▶ **Task**
Check each line of the material, and show the ones that include the word "DASHDOT".

--- START ---

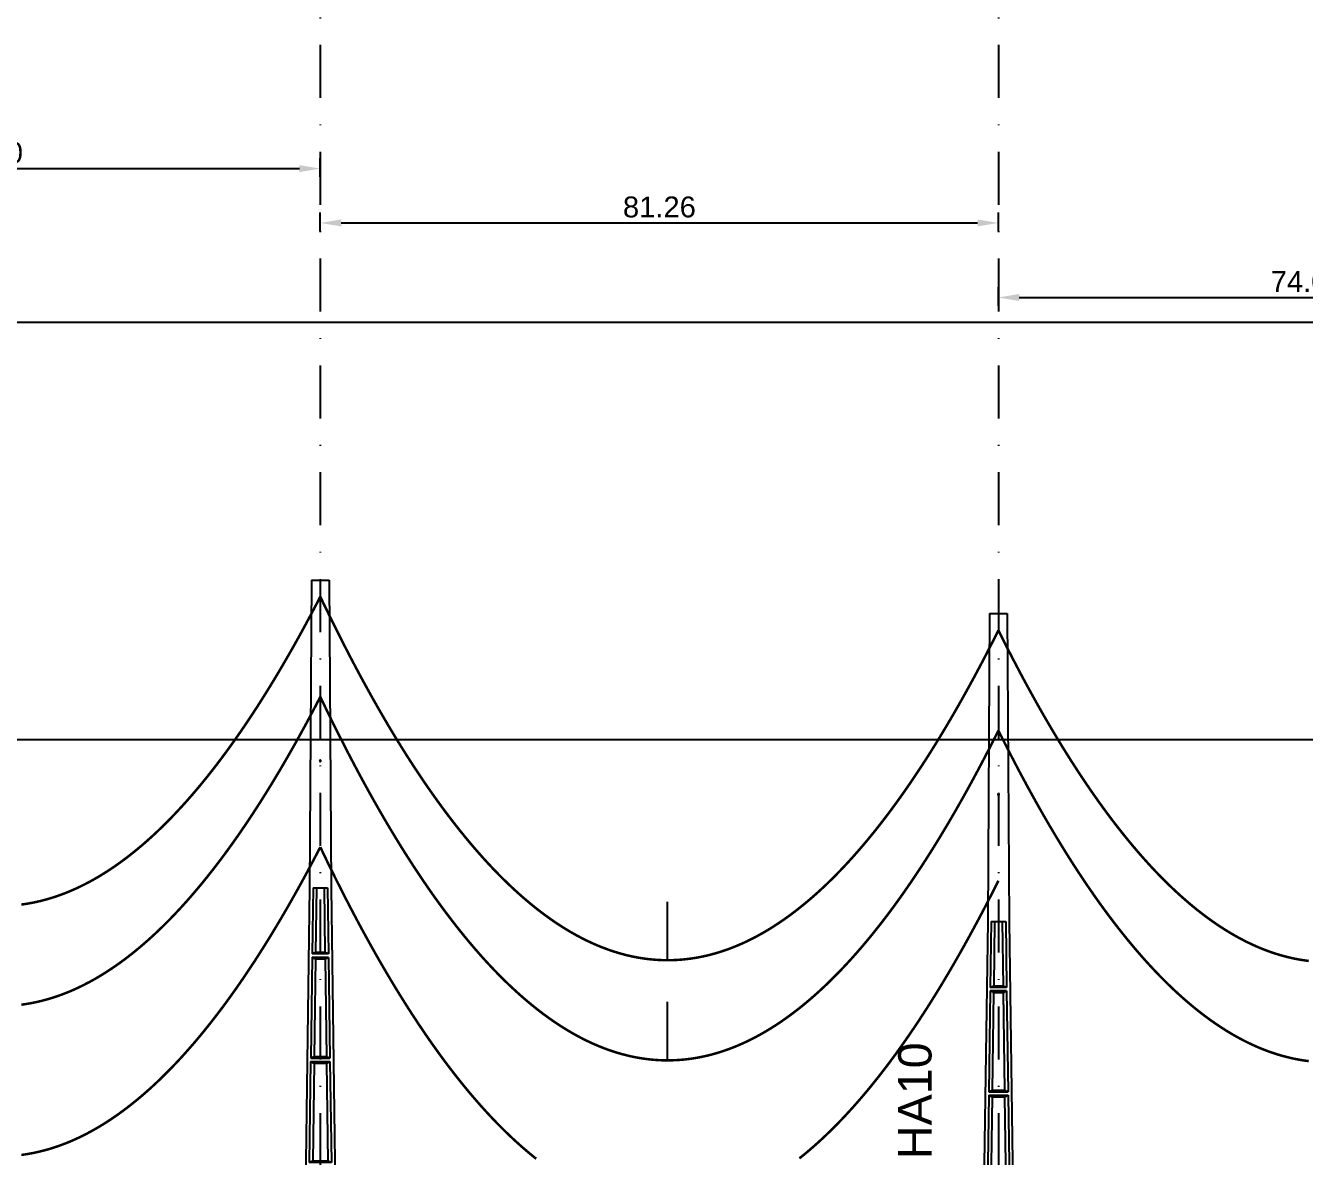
# Model space of a CAD drawing. Header units: metres. Extents: x -121 to 9872, y 3505 to 10721.
# Drawn here: x 2006.2 to 2159.4, y 9650 to 9785.5 of the extents above; entities that cross this region are included whole.
import ezdxf

# ---------------------------------------------------------------- set-up
doc = ezdxf.new("R2010")
doc.units = ezdxf.units.M
doc.header["$PDMODE"] = 2
doc.linetypes.add('DASHDOT', pattern=[25.4, 12.7, -6.35, 0, -6.35])
for name, color, linetype in [('CON-EOL- CA MAGNOLIA', 210, 'Continuous'), ('CON-EOL- FO', 101, 'Continuous'), ('cotas', 7, 'Continuous'), ('Grade', 9, 'Continuous'), ('Ind.Rot', 8, 'DASHDOT'), ('Perfil - Texto Geral', 7, 'Continuous'), ('POSTE DT', 7, 'Continuous')]:
    doc.layers.add(name, color=color, linetype=linetype)
doc.styles.add('Arial', font='arial.ttf')
doc.styles.get("Standard").update_dxf_attribs({"font": 'arial.ttf'})
doc.dimstyles.new('ISO-25', dxfattribs={"dimtxt": 2.5, "dimasz": 2.5, "dimexe": 1.25, "dimexo": 0.625, "dimtad": 1, "dimzin": 1, "dimtxsty": 'Standard', "dimcen": 2.5, "dimaunit": 1, "dimadec": 3, "dimazin": 3, "dimtfac": 1, "dimtmove": 0, "dimatfit": 3, "dimfxlon": 1, "dimarcsym": 0})

# ---------------------------------------------------------------- blocks, each defined once
blk = doc.blocks.new('*U1')
at = {"layer": 'POSTE DT', "extrusion": (0, 1, 0)}
for p, q in [((-3.31, 378.23), (-4.05, 262)), ((-3.31, 378.23), (3.31, 378.23)), ((3.31, 378.23), (4.06, 262)), ((-4.05, 262), (-7.72, 0)), ((-4.05, 262), (-4.05, 262)), ((-2.73, 262), (-3.08, 237.05)), ((-2.73, 262), (2.75, 262)), ((-1.42, 262), (-1.77, 237.57)), ((1.43, 262), (1.77, 237.57)), ((2.75, 262), (3.1, 237.05)), ((4.06, 262), (7.72, 0)), ((3.1, 237.05), (-3.08, 237.05)), ((-3.1, 235.74), (-3.63, 197.65)), ((3.11, 235.73), (-3.1, 235.74)), ((-1.8, 235.21), (-2.32, 198.19)), ((1.8, 235.21), (2.32, 198.19)), ((3.11, 235.73), (3.65, 197.65)), ((-3.65, 196.34), (-4.19, 158.25)), ((-2.35, 195.8), (-2.87, 158.8)), ((2.35, 195.8), (2.87, 158.8)), ((3.66, 196.34), (4.2, 158.25)), ((-4.21, 156.94), (-4.74, 118.85)), ((-2.9, 156.39), (-3.42, 119.41)), ((2.91, 156.39), (3.42, 119.41)), ((4.21, 156.94), (4.75, 118.85)), ((-4.76, 117.54), (-5.29, 79.45)), ((4.77, 117.54), (-4.76, 117.54)), ((4.75, 118.85), (-4.74, 118.85)), ((-3.46, 116.98), (-3.97, 80.02)), ((3.46, 116.98), (3.98, 80.02)), ((4.77, 117.54), (5.3, 79.45)), ((-5.31, 78.14), (-5.85, 40.06)), ((5.32, 78.14), (-5.31, 78.14)), ((5.3, 79.45), (-5.29, 79.45)), ((-4.01, 77.57), (-4.53, 40.63)), ((4.01, 77.57), (4.53, 40.63)), ((5.32, 78.14), (5.85, 40.06)), ((-5.86, 38.74), (-6.41, 0)), ((5.87, 38.74), (-5.86, 38.74)), ((5.85, 40.06), (-5.85, 40.06)), ((5.87, 38.74), (6.41, 0)), ((-4.56, 38.17), (-5.1, 0)), ((4.56, 38.17), (5.1, 0)), ((-6.41, 0), (-7.72, 0)), ((-5.1, 0), (-6.41, 0)), ((5.1, 0), (-5.1, 0)), ((6.41, 0), (5.1, 0)), ((7.72, 0), (6.41, 0))]:
    blk.add_line(p, q, dxfattribs=at)
at = {"layer": 'POSTE DT', "ltscale": 3}
for points in [[(-3.65, 196.34), (3.66, 196.34)], [(-3.63, 197.65), (3.65, 197.65)], [(-4.21, 156.94), (4.21, 156.94)], [(4.2, 158.25), (-4.19, 158.25)]]:
    blk.add_lwpolyline(points, dxfattribs=at)
at = {"layer": 'POSTE DT'}
for points, knots in [([(0.25, 309.94), (0.25, 309.93), (0.25, 309.93), (0.25, 309.92), (0.25, 309.91), (0.25, 309.9), (0.25, 309.89), (0.24, 309.85), (0.22, 309.82), (0.19, 309.77), (0.16, 309.74), (0.11, 309.71), (0.08, 309.7), (0.01, 309.68), (-0.02, 309.68), (-0.08, 309.7), (-0.11, 309.71), (-0.16, 309.74), (-0.18, 309.76), (-0.21, 309.8), (-0.22, 309.82), (-0.24, 309.85), (-0.24, 309.87), (-0.25, 309.89), (-0.25, 309.9), (-0.25, 309.92), (-0.25, 309.92), (-0.25, 309.93), (-0.25, 309.94), (-0.25, 309.95), (-0.25, 309.95), (-0.25, 309.96), (-0.25, 309.97), (-0.24, 310), (-0.23, 310.02), (-0.21, 310.07), (-0.2, 310.09), (-0.15, 310.14), (-0.13, 310.15), (-0.07, 310.18), (-0.03, 310.19), (0.03, 310.19), (0.06, 310.18), (0.12, 310.16), (0.14, 310.14), (0.18, 310.11), (0.2, 310.09), (0.21, 310.06), (0.22, 310.05), (0.23, 310.04), (0.24, 310.01), (0.24, 309.99), (0.25, 309.97), (0.25, 309.96), (0.25, 309.95), (0.25, 309.94), (0.25, 309.94), (0.25, 309.94), (0.25, 309.94)], [-54.728303, -54.728303, -54.728303, -54.728303, -54.309038, -54.309038, -53.647169, -53.647169, -52.532885, -52.532885, -48.86224, -48.86224, -45.282765, -45.282765, -41.52867, -41.52867, -37.867486, -37.867486, -34.454589, -34.454589, -31.301423, -31.301423, -28.48103, -28.48103, -26.961755, -26.961755, -25.7544, -25.7544, -25.136228, -25.136228, -24.64409, -24.64409, -24.094201, -24.094201, -23.191199, -23.191199, -20.494482, -20.494482, -17.342863, -17.342863, -13.645538, -13.645538, -9.835989, -9.835989, -6.296781, -6.296781, -3.005029, -3.005029, 0, 0, 0, 1.527594, 1.527594, 3.697216, 3.697216, 4.489727, 4.489727, 5.01438, 5.01438, 5.095313, 5.095313, 5.095313, 5.095313]), ([(-1.77, 237.57), (-1.99, 237.49), (-2.21, 237.4), (-2.64, 237.22), (-2.86, 237.14), (-3.08, 237.05)], [0, 0, 0, 0, 56.660495, 56.660495, 113.412826, 113.412826, 113.412826, 113.412826]), ([(1.77, 237.57), (1.18, 237.57), (0.59, 237.57), (-0.59, 237.57), (-1.18, 237.57), (-1.77, 237.57)], [0, 0, 0, 0, 67.306894, 67.306894, 134.614447, 134.614447, 134.614447, 134.614447]), ([(3.1, 237.05), (2.87, 237.14), (2.65, 237.23), (2.21, 237.4), (1.99, 237.49), (1.77, 237.57)], [0, 0, 0, 0, 56.738948, 56.738948, 113.38731, 113.38731, 113.38731, 113.38731]), ([(-3.1, 235.74), (-2.88, 235.65), (-2.67, 235.56), (-2.23, 235.39), (-2.02, 235.3), (-1.8, 235.21)], [0.055576, 0.055576, 0.055576, 0.055576, 56.767409, 56.767409, 113.50757, 113.50757, 113.50757, 113.50757]), ([(-1.8, 235.21), (-1.2, 235.21), (-0.6, 235.21), (0.6, 235.21), (1.2, 235.21), (1.8, 235.21)], [0, 0, 0, 0, 68.567797, 68.567797, 137.136247, 137.136247, 137.136247, 137.136247]), ([(1.8, 235.21), (2.02, 235.3), (2.24, 235.38), (2.68, 235.56), (2.89, 235.65), (3.11, 235.73)], [0, 0, 0, 0, 56.845349, 56.845349, 113.599799, 113.599799, 113.599799, 113.599799]), ([(-2.32, 198.19), (-2.54, 198.1), (-2.76, 198.01), (-3.2, 197.83), (-3.41, 197.74), (-3.63, 197.65)], [0, 0, 0, 0, 63.412073, 63.412073, 126.777421, 126.777421, 126.777421, 126.777421]), ([(2.32, 198.19), (1.55, 198.19), (0.77, 198.19), (-0.77, 198.19), (-1.55, 198.19), (-2.32, 198.19)], [0, 0, 0, 0, 88.31008, 88.31008, 176.620652, 176.620652, 176.620652, 176.620652]), ([(3.65, 197.65), (3.43, 197.74), (3.2, 197.83), (2.76, 198.01), (2.54, 198.1), (2.32, 198.19)], [0, 0, 0, 0, 63.488119, 63.488119, 126.880939, 126.880939, 126.880939, 126.880939]), ([(-3.65, 196.34), (-3.43, 196.25), (-3.22, 196.16), (-2.78, 195.98), (-2.57, 195.89), (-2.35, 195.8)], [0.054307, 0.054307, 0.054307, 0.054307, 63.527131, 63.527131, 127.063246, 127.063246, 127.063246, 127.063246]), ([(-2.35, 195.8), (-1.57, 195.8), (-0.78, 195.8), (0.79, 195.8), (1.57, 195.8), (2.35, 195.8)], [0, 0, 0, 0, 89.585713, 89.585713, 179.17191, 179.17191, 179.17191, 179.17191]), ([(2.35, 195.8), (2.57, 195.89), (2.79, 195.98), (3.23, 196.16), (3.45, 196.25), (3.66, 196.34)], [0, 0, 0, 0, 63.60246, 63.60246, 127.109696, 127.109696, 127.109696, 127.109696]), ([(-4.21, 156.94), (-3.99, 156.85), (-3.77, 156.75), (-3.34, 156.57), (-3.12, 156.48), (-2.9, 156.39)], [0.053423, 0.053423, 0.053423, 0.053423, 70.429742, 70.429742, 140.90167, 140.90167, 140.90167, 140.90167]), ([(-2.87, 158.8), (-3.09, 158.71), (-3.31, 158.62), (-3.75, 158.43), (-3.97, 158.34), (-4.19, 158.25)], [0, 0, 0, 0, 70.301707, 70.301707, 140.590947, 140.590947, 140.590947, 140.590947]), ([(-2.9, 156.39), (-1.94, 156.39), (-0.97, 156.39), (0.97, 156.39), (1.94, 156.39), (2.91, 156.39)], [0, 0, 0, 0, 110.60219, 110.60219, 221.20473, 221.20473, 221.20473, 221.20473]), ([(2.87, 158.8), (1.92, 158.8), (0.96, 158.8), (-0.96, 158.8), (-1.91, 158.8), (-2.87, 158.8)], [0, 0, 0, 0, 109.314454, 109.314454, 218.629264, 218.629264, 218.629264, 218.629264]), ([(4.2, 158.25), (3.98, 158.34), (3.76, 158.44), (3.31, 158.62), (3.09, 158.71), (2.87, 158.8)], [0, 0, 0, 0, 70.379198, 70.379198, 140.659718, 140.659718, 140.659718, 140.659718]), ([(2.91, 156.39), (3.12, 156.48), (3.34, 156.57), (3.78, 156.75), (4, 156.85), (4.21, 156.94)], [0, 0, 0, 0, 70.506649, 70.506649, 140.914701, 140.914701, 140.914701, 140.914701]), ([(-4.76, 117.54), (-4.54, 117.45), (-4.32, 117.35), (-3.89, 117.17), (-3.67, 117.07), (-3.46, 116.98)], [0.052784, 0.052784, 0.052784, 0.052784, 77.438432, 77.438432, 154.950301, 154.950301, 154.950301, 154.950301]), ([(-3.42, 119.41), (-3.64, 119.32), (-3.86, 119.23), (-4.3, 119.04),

--- END ---

▶ **Output**
doc.linetypes.add('DASHDOT', pattern=[25.4, 12.7, -6.35, 0, -6.35])
for name, color, linetype in [('CON-EOL- CA MAGNOLIA', 210, 'Continuous'), ('CON-EOL- FO', 101, 'Continuous'), ('cotas', 7, 'Continuous'), ('Grade', 9, 'Continuous'), ('Ind.Rot', 8, 'DASHDOT'), ('Perfil - Texto Geral', 7, 'Continuous'), ('POSTE DT', 7, 'Continuous')]:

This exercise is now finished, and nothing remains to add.